“Beauty”

Issues
If you want people to read your blog, you have to have issues, preferably personal issues that masquerade as concerned citizenship. And you need to complain about how certain people are mean and/or stupid and are messing up the world. And say things that make people mad. And tell everyone how think. Sort of like what I’m passive-aggressively doing right now. This is especially effective if you’re young, white, and rich, and maybe a little paranoid.
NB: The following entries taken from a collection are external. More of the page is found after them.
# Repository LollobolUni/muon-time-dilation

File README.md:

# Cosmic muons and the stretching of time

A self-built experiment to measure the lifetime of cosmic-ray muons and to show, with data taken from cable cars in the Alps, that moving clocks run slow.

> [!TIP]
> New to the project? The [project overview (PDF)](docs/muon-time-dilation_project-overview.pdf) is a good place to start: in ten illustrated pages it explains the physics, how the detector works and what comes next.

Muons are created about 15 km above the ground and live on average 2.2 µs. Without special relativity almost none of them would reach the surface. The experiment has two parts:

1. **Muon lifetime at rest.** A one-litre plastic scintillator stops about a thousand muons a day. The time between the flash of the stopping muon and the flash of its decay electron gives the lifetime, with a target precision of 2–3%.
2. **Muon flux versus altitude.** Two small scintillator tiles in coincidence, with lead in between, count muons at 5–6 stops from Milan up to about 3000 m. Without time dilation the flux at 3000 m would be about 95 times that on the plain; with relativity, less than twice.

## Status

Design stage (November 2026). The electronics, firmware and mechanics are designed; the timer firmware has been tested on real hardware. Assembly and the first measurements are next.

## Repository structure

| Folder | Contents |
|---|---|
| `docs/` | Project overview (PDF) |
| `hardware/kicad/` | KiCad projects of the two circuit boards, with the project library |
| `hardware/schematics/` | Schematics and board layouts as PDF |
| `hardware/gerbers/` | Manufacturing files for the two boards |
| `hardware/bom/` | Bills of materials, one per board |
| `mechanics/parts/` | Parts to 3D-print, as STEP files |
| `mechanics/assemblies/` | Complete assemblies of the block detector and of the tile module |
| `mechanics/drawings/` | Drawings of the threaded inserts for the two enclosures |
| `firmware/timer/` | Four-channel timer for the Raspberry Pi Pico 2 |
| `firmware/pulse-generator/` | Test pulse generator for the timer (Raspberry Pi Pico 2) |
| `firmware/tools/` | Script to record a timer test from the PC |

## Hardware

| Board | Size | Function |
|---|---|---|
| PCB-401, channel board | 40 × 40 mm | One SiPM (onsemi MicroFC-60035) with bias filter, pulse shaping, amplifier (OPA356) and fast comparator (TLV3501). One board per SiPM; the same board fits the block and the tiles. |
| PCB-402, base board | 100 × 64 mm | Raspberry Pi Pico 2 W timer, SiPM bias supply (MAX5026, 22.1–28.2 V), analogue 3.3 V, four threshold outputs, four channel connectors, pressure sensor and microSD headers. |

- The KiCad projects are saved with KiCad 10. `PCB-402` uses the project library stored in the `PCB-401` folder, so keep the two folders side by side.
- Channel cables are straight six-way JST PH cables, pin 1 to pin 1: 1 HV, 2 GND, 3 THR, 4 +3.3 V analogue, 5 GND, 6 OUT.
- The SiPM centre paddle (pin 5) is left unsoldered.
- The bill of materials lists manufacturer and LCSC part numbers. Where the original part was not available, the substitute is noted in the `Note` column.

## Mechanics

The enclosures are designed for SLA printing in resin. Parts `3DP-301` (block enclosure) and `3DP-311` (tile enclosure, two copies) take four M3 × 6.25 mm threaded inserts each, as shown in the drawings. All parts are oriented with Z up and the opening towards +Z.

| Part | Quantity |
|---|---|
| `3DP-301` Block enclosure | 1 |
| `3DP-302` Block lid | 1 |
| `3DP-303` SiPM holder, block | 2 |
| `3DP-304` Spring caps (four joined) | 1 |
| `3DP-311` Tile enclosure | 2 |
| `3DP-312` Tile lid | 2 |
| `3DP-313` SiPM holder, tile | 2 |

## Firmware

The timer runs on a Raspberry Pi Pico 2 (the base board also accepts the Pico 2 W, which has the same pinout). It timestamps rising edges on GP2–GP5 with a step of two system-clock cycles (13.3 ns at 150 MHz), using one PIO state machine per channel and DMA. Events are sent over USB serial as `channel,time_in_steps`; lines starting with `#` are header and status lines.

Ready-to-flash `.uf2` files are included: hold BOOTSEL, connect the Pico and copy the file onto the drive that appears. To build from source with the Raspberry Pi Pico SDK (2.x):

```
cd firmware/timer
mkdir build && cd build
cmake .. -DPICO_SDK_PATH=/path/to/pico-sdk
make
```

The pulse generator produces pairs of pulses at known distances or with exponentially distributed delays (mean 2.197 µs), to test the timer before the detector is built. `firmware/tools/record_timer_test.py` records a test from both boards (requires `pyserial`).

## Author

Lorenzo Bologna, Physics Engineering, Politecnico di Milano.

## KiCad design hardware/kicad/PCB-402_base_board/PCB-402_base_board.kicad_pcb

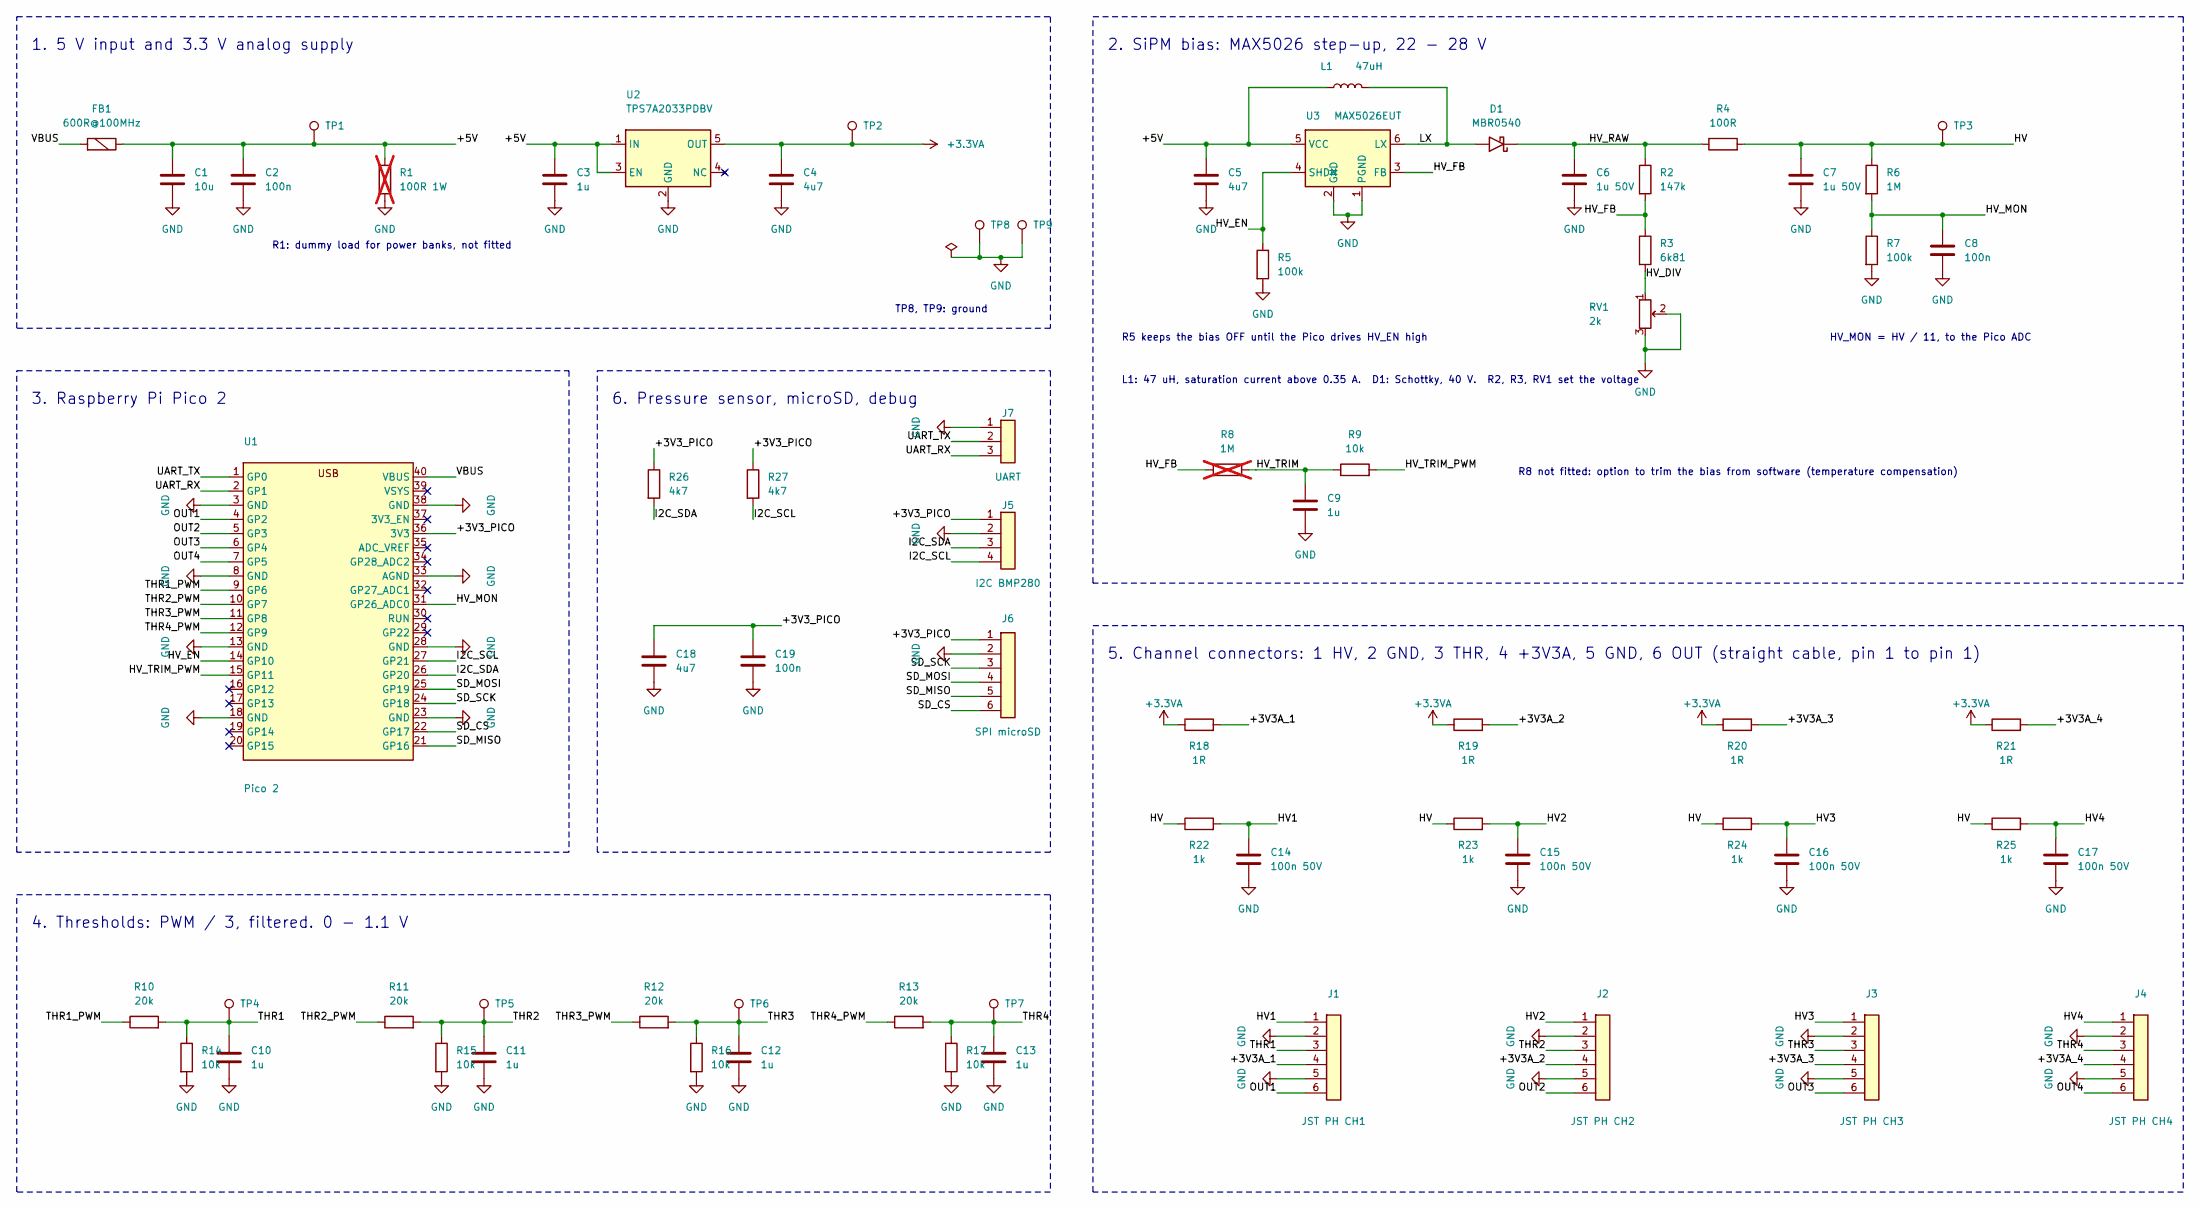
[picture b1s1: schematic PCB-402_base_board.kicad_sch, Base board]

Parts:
C1: 10u; C_0805_2012Metric_Pad1.18x1.45mm_HandSolder
C2, C8, C19: 100n; C_0805_2012Metric_Pad1.18x1.45mm_HandSolder
C3, C9, C10, C11, C12, C13: 1u; C_0805_2012Metric_Pad1.18x1.45mm_HandSolder
C4, C5, C18: 4u7; C_0805_2012Metric_Pad1.18x1.45mm_HandSolder
C6, C7: 1u 50V; C_0805_2012Metric_Pad1.18x1.45mm_HandSolder
C14, C15, C16, C17: 100n 50V; C_0805_2012Metric_Pad1.18x1.45mm_HandSolder
D1: MBR0540; D_SOD-123
FB1: 600R@100MHz; R_0805_2012Metric_Pad1.20x1.40mm_HandSolder
J1: JST PH CH1; JST_PH_B6B-PH-K_1x06_P2.00mm_Vertical
J2: JST PH CH2; JST_PH_B6B-PH-K_1x06_P2.00mm_Vertical
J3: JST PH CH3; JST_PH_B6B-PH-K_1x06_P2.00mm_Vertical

We make a conscious effort not to do that on here too much, and we’ve sworn off politics – our blog is doomed! But by golly if this one didn’t just burn my biscuits…

Beauty
In parts of Africa fat women are sexy. In Japan, it’s slender men. But in the West? We like ‘em fake. We might think this is normal and no big deal. Call me paranoid, but I think living with stuff like this really messes us up. From CampaignforRealBeauty.ca:

And, of course, we can always ask questions about emotional manipulation, reverse psychology, and why a company that makes beauty products would care to fund something called “Campaign for Real Beauty”:

I’m convinced that the media to which we expose ourselves affects us deeply. But bigger questions remain, like “Where does a person’s worth and value really come from?” And, “How do we decide what is ultimately, truly beautiful?”

7 thoughts on ““Beauty”

  1. WOW!

    this is really significant! i’ve said for years that the american emphasis on beauty and athleticism has more deeply wounded the self esteem of generations of young people than any other single issue.

    where do you find this stuff?

    peace

  2. we put our own videos on youtube, and it was on their ‘most viewed today’ list or something. Jessica says CNN had it up for a bit as well.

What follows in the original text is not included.